## Exercise goal
Give the number of lines in the following entries that contain the word "normal", with nothing added.

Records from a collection
=== Section Start ===

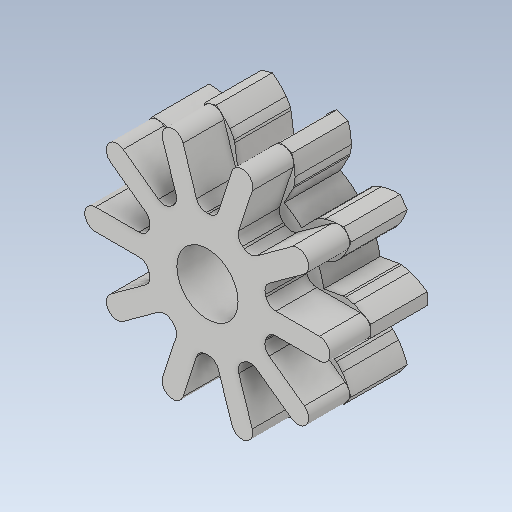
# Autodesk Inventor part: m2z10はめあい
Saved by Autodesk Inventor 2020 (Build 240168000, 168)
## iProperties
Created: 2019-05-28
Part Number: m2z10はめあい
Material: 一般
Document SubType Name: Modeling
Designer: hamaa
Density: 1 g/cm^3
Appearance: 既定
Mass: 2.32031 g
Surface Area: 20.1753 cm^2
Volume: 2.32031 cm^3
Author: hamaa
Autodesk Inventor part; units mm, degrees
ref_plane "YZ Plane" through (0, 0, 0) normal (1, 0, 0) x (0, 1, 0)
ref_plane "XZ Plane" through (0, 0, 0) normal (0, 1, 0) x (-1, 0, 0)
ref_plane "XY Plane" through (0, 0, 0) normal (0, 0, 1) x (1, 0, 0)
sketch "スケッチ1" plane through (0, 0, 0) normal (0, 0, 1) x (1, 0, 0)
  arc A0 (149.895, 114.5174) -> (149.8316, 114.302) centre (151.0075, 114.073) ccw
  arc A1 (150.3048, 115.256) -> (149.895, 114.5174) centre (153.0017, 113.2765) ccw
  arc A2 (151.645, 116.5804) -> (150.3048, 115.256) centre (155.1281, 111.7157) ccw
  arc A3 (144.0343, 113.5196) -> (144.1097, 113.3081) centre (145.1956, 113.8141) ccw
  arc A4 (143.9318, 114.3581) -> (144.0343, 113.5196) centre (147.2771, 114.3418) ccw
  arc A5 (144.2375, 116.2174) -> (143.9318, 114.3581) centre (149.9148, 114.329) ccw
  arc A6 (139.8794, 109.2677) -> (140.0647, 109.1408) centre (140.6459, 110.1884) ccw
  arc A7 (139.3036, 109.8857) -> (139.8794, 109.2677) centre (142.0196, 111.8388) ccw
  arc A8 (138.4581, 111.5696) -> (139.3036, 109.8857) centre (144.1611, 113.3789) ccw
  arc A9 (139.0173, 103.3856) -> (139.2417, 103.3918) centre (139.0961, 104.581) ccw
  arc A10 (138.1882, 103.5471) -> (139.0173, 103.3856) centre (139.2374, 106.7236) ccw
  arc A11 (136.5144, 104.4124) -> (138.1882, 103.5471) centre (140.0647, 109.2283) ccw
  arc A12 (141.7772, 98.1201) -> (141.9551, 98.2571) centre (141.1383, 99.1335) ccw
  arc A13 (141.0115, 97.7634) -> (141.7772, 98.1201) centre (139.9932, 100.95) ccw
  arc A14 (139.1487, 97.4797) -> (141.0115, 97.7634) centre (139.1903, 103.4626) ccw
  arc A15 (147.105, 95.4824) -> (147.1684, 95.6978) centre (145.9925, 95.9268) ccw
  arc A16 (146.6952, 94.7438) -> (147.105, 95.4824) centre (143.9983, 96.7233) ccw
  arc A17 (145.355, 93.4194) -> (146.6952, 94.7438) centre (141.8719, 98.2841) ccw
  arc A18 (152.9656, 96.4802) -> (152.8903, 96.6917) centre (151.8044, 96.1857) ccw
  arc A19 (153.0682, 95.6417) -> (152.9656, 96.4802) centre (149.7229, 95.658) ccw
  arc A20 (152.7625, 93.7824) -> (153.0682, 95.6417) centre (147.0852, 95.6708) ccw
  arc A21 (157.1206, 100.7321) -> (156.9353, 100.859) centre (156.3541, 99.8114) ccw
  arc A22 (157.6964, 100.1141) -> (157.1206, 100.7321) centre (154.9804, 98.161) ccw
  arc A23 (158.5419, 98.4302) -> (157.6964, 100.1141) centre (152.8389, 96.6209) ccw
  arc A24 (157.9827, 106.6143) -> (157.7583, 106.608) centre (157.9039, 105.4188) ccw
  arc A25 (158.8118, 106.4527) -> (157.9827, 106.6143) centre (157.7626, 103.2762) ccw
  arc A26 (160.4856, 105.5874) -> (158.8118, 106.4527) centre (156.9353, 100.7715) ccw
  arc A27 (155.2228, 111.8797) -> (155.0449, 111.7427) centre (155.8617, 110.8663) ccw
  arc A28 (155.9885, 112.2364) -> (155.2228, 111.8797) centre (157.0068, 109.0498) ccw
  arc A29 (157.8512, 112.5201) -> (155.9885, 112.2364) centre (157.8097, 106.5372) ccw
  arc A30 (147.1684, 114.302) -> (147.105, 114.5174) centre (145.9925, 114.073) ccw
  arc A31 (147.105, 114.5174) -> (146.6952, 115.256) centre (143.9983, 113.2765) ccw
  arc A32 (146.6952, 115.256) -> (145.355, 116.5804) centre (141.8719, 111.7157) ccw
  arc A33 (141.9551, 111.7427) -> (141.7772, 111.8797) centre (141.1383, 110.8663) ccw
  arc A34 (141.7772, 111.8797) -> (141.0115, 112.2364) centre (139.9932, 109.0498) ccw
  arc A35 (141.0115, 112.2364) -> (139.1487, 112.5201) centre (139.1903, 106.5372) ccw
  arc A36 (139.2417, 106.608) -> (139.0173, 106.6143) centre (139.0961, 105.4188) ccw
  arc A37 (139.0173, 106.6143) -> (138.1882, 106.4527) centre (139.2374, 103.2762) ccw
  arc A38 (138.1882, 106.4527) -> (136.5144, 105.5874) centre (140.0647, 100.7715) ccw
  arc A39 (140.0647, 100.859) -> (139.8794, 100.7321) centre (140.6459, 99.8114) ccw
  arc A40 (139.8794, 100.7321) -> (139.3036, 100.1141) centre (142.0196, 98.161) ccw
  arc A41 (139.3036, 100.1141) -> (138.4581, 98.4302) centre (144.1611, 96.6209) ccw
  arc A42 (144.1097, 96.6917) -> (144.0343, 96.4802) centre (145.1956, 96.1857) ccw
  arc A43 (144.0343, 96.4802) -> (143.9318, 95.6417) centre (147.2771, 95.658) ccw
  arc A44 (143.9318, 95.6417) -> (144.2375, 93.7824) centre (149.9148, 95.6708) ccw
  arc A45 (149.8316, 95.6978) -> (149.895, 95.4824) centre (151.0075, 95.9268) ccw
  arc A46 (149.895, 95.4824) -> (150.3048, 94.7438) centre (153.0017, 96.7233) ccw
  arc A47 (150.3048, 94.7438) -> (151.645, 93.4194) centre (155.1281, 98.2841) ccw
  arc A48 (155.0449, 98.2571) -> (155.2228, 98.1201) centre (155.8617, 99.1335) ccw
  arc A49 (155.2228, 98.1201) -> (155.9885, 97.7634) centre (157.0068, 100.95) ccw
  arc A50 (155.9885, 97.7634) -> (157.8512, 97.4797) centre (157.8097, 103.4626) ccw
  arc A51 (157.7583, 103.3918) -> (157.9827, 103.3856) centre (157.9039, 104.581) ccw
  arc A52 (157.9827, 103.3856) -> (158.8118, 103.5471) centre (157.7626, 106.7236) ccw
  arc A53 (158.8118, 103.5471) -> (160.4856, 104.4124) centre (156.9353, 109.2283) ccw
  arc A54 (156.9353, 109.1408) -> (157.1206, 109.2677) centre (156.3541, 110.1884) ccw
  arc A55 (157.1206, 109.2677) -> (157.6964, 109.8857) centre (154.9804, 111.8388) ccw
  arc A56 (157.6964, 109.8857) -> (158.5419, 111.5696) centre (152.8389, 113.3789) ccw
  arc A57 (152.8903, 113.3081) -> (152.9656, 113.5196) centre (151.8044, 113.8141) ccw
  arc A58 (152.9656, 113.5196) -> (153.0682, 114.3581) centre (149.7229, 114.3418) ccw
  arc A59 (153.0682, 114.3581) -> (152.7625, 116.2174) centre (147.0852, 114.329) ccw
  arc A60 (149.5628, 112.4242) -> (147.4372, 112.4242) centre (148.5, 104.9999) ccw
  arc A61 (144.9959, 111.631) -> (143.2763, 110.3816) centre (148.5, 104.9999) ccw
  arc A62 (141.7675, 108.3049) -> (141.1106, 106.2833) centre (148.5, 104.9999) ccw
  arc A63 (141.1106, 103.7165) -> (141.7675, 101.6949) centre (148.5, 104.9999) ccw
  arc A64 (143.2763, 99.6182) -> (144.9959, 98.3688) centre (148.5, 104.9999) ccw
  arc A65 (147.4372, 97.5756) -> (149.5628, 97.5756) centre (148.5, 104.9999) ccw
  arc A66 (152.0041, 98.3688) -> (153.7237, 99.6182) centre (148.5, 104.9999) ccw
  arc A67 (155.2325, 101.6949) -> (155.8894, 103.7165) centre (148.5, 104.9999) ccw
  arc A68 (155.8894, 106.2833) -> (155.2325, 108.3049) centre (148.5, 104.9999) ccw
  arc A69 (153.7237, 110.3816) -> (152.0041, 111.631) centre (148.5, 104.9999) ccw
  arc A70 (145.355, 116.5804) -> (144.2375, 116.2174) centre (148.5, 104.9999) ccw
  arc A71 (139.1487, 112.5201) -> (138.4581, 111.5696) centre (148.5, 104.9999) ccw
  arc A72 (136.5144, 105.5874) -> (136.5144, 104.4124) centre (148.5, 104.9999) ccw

=== Section End ===

## Written answer
4